■ **WHAT IS NEEDED**:
Gather each line of the entries below that includes "color".

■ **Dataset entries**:
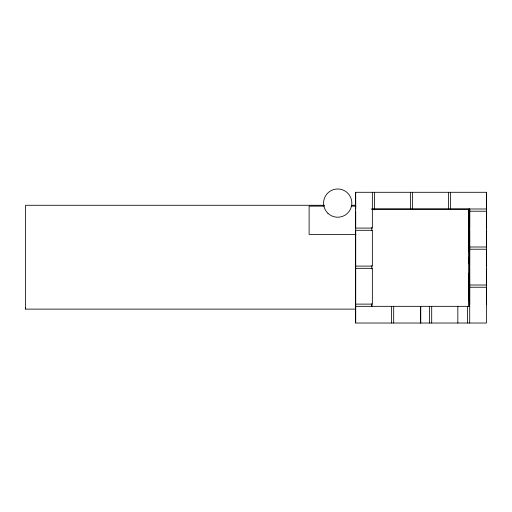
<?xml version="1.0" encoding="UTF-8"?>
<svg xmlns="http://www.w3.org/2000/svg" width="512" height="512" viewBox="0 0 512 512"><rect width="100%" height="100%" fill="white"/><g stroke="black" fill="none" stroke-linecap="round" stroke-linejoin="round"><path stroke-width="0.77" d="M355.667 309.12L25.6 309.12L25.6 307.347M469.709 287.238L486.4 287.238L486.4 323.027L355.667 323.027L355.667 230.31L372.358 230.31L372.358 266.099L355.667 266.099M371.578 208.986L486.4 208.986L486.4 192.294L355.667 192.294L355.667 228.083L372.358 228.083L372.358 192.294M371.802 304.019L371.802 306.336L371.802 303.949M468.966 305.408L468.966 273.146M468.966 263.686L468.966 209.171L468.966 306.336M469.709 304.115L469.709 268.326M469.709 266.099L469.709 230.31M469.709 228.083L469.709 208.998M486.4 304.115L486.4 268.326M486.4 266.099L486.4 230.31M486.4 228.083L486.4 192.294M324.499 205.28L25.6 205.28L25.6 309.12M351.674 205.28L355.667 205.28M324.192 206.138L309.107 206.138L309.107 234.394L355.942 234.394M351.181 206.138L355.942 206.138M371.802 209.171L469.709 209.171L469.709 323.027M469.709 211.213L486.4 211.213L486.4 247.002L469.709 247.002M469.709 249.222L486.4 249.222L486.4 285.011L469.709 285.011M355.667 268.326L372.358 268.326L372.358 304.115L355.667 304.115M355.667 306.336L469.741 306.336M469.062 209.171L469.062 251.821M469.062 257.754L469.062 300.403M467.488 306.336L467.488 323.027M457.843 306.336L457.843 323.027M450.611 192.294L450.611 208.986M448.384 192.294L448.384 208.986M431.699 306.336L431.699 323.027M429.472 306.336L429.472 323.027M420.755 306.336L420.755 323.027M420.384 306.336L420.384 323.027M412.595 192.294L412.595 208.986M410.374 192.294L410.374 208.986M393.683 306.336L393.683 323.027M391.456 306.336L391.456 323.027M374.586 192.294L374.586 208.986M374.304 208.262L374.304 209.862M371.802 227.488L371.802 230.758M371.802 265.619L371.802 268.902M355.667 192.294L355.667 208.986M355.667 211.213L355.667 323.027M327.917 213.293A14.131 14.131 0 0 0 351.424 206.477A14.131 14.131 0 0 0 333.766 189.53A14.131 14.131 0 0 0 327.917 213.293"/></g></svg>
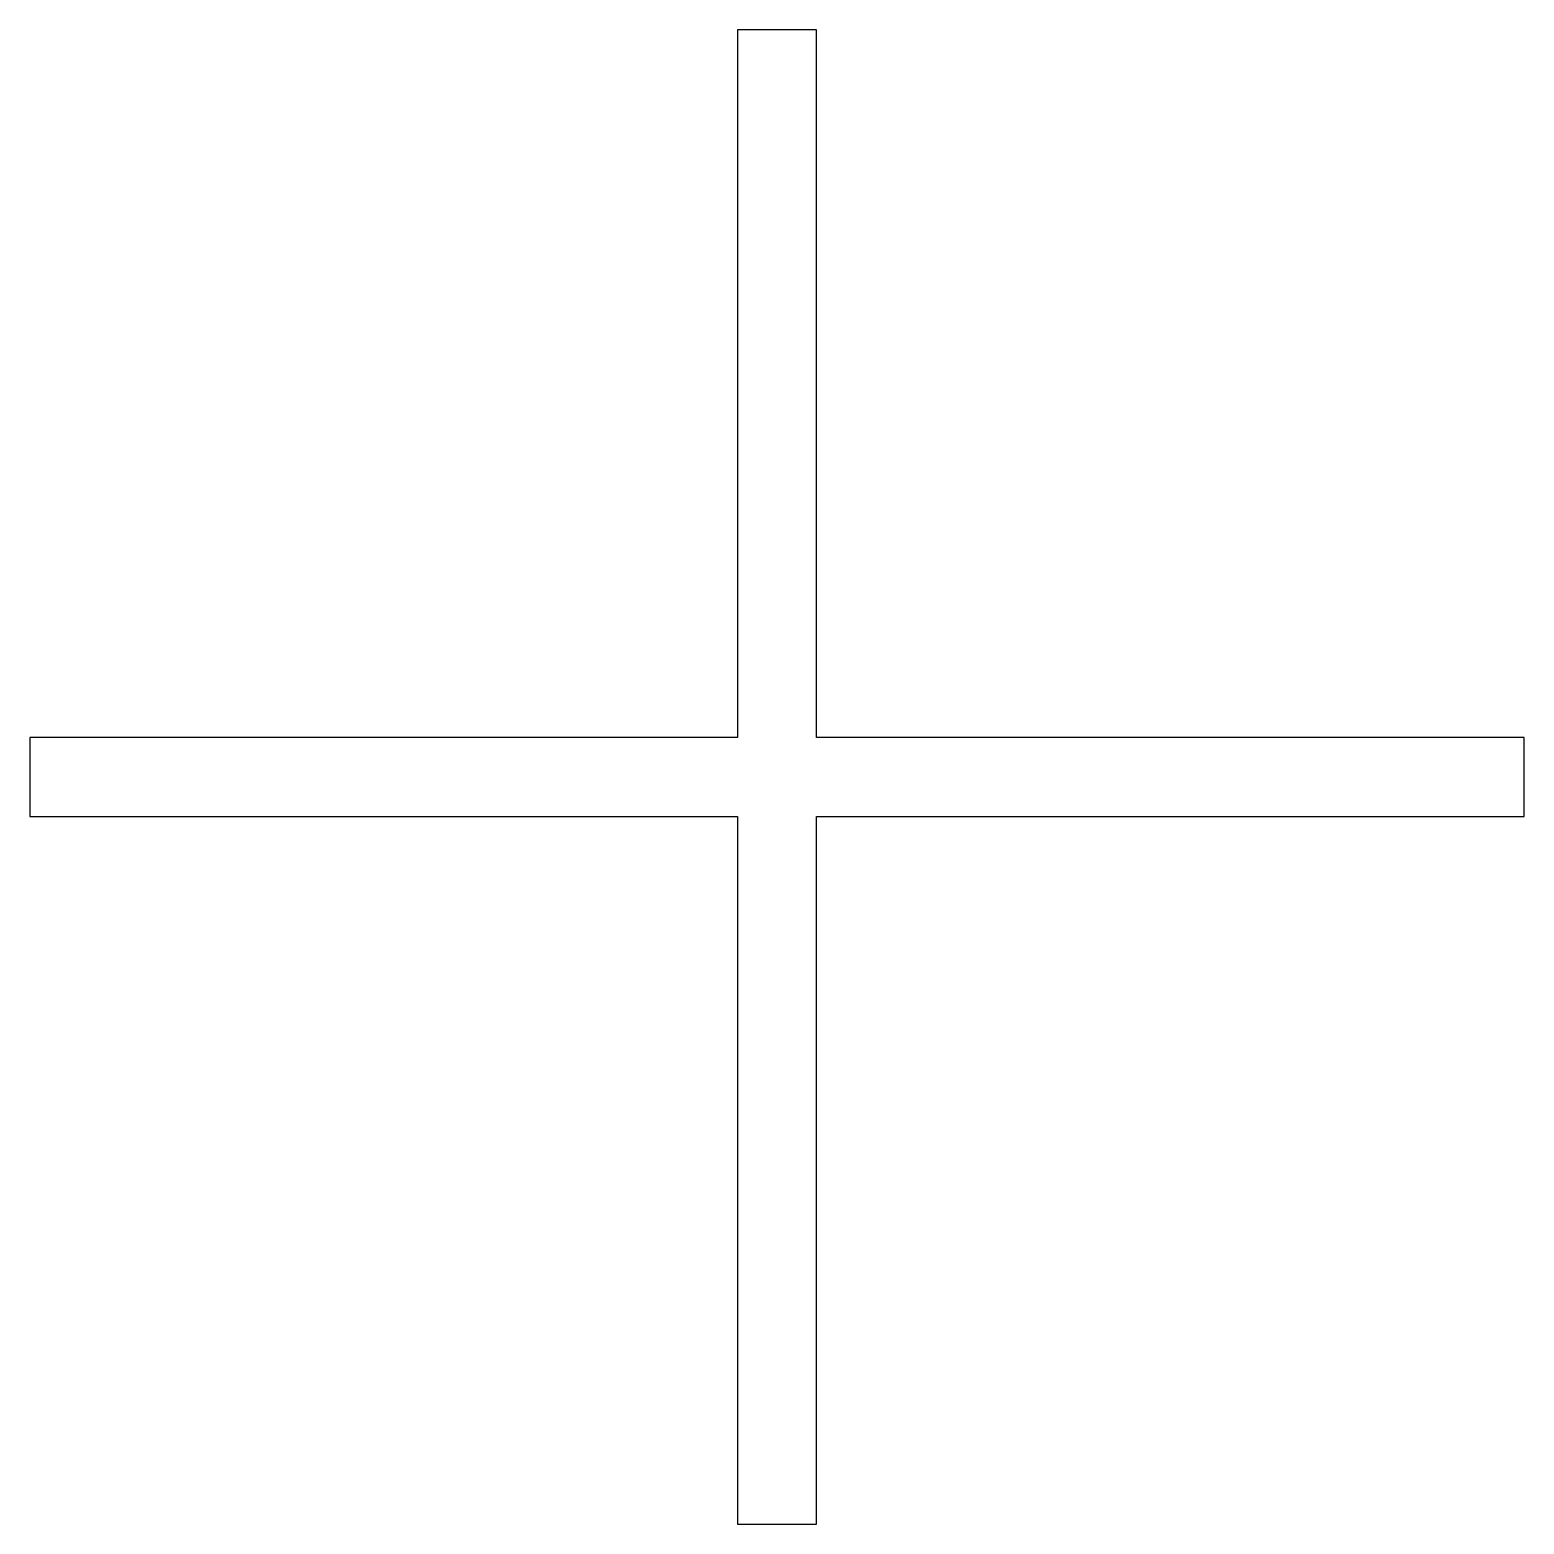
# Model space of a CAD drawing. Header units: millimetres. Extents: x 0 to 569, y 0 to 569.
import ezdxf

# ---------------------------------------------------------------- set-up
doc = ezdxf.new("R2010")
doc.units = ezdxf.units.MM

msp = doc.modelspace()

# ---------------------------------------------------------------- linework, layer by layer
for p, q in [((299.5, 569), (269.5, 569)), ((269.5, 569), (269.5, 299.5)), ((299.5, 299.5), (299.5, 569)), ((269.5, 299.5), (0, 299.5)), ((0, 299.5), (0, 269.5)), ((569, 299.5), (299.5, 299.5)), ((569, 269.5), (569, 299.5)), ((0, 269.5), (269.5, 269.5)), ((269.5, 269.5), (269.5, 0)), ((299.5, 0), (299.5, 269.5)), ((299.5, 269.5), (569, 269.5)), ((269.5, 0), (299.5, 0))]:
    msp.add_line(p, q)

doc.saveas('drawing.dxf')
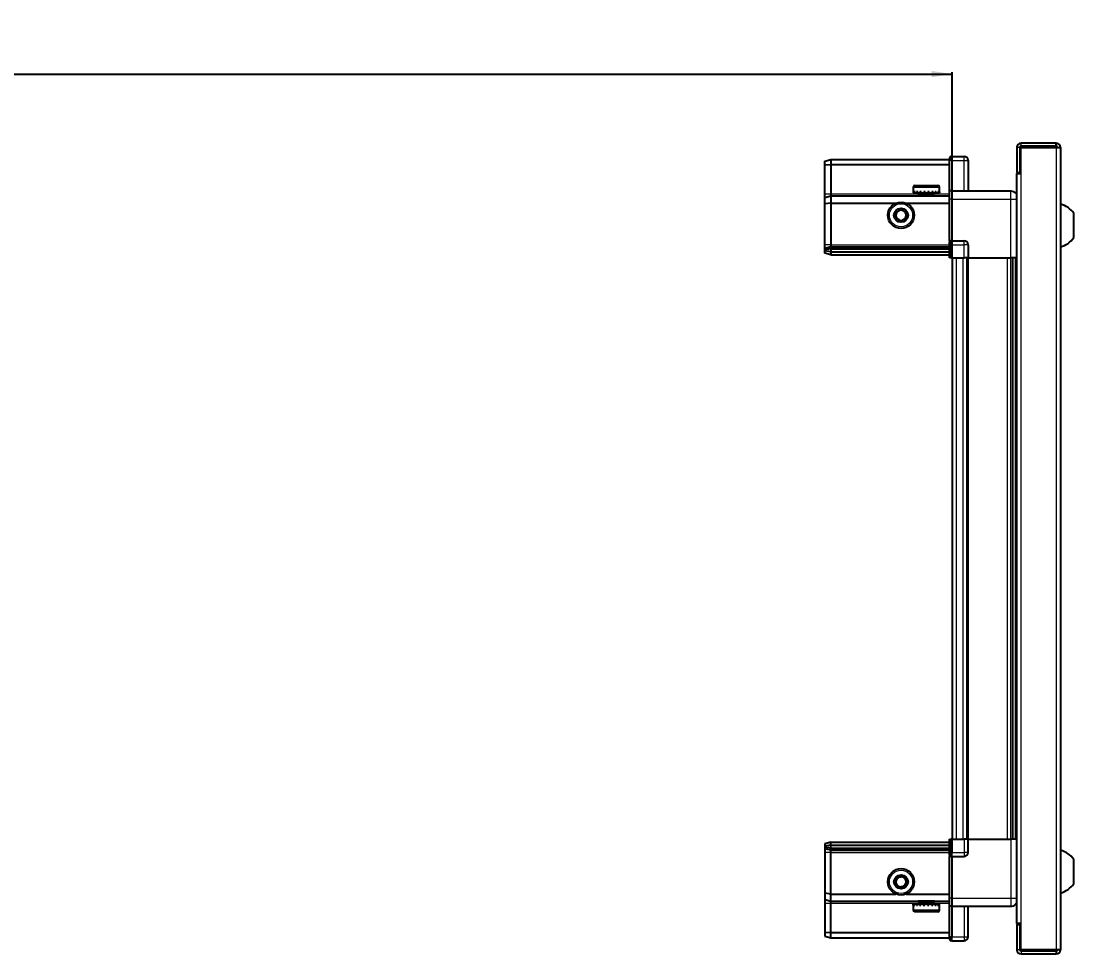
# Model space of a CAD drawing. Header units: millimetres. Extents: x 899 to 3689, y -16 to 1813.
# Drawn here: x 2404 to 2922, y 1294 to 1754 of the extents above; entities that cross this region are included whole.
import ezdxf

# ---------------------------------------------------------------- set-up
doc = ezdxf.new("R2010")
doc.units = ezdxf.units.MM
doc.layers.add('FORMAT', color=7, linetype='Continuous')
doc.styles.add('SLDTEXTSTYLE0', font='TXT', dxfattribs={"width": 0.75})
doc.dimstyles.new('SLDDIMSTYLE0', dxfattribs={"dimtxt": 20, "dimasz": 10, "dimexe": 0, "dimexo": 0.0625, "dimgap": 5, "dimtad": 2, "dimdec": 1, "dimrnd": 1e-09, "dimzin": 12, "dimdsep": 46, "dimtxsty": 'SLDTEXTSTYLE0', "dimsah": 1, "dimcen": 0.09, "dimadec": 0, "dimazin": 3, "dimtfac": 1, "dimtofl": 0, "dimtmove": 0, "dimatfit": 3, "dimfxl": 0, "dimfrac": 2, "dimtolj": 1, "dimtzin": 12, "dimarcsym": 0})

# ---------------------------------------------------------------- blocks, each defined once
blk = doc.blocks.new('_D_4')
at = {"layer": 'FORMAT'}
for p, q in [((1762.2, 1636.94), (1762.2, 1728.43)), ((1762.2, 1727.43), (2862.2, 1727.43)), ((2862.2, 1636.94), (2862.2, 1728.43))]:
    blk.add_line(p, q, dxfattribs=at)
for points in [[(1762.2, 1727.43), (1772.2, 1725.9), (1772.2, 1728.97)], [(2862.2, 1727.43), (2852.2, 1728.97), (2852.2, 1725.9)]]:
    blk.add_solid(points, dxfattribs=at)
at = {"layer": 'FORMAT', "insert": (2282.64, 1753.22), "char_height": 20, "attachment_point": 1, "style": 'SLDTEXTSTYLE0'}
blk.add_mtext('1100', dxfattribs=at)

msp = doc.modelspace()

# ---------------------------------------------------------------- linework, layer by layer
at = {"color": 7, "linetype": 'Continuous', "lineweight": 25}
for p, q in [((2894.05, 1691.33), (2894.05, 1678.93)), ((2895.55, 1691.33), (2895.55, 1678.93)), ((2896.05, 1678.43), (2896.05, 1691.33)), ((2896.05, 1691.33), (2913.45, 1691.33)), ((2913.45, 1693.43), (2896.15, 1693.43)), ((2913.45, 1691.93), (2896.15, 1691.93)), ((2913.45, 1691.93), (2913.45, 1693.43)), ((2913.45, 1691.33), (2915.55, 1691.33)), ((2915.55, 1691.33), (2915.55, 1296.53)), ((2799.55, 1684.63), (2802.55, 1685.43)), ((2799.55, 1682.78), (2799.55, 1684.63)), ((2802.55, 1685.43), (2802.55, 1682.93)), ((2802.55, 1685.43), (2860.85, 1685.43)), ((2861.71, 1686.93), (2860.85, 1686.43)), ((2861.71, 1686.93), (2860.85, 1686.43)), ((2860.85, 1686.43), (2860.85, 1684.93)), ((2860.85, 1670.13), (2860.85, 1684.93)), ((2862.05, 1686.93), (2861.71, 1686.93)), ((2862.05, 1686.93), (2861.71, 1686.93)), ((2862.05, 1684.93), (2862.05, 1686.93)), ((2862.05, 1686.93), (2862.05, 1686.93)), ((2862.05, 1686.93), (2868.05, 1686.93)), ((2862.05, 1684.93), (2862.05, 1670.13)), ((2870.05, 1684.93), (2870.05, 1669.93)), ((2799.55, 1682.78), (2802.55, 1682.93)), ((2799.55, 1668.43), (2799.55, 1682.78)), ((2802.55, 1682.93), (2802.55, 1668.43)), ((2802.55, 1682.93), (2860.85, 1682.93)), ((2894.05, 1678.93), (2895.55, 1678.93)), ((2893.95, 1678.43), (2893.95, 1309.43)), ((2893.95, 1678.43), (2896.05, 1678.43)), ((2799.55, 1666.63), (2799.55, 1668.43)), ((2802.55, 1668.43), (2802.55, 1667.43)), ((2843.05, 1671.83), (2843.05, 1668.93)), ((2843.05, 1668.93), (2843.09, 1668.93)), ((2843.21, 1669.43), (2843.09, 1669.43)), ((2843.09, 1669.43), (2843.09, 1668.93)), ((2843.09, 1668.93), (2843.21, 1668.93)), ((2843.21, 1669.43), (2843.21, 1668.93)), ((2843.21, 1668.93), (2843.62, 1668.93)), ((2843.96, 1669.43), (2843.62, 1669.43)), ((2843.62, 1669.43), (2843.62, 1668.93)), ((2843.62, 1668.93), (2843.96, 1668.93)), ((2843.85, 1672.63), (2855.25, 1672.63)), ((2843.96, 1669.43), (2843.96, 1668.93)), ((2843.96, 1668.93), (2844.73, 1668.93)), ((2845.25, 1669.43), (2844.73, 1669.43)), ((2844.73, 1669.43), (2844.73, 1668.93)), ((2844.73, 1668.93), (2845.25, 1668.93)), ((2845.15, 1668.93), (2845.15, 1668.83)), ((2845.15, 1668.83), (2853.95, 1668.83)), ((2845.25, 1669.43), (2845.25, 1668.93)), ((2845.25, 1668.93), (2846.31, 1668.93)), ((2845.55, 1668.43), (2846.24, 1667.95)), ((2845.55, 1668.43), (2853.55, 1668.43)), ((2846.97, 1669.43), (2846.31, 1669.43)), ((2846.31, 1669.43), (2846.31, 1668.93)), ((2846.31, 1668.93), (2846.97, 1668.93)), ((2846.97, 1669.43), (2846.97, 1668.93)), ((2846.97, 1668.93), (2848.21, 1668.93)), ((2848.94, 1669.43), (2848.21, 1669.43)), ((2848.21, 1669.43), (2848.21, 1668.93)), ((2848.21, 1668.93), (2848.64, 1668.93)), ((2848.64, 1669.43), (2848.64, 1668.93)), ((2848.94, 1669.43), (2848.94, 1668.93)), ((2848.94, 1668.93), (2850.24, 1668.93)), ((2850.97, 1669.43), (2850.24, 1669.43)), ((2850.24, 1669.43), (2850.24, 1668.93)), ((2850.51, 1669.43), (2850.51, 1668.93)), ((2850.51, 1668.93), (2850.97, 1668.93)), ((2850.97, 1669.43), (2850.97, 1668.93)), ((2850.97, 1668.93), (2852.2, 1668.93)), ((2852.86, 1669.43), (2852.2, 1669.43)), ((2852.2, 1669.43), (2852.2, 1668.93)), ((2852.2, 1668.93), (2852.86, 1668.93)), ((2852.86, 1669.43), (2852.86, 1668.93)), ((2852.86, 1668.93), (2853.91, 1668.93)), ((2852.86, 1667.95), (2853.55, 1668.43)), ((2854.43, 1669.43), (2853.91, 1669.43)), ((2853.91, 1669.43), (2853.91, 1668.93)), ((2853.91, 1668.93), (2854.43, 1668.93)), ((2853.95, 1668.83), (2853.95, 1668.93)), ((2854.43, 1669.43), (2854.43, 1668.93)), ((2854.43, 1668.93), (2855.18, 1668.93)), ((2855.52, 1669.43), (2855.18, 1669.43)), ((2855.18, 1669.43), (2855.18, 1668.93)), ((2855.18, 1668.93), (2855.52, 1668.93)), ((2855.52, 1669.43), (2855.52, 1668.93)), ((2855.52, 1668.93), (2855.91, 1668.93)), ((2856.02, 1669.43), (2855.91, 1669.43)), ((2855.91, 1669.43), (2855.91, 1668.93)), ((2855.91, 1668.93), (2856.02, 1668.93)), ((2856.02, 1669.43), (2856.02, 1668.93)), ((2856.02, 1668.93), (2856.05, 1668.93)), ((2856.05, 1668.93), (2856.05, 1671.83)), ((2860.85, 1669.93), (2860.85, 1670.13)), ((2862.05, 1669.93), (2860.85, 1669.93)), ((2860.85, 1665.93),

■ **ANSWER SECTION**:
doc.layers.add('FORMAT', color=7, linetype='Continuous')
at = {"color": 7, "linetype": 'Continuous', "lineweight": 25}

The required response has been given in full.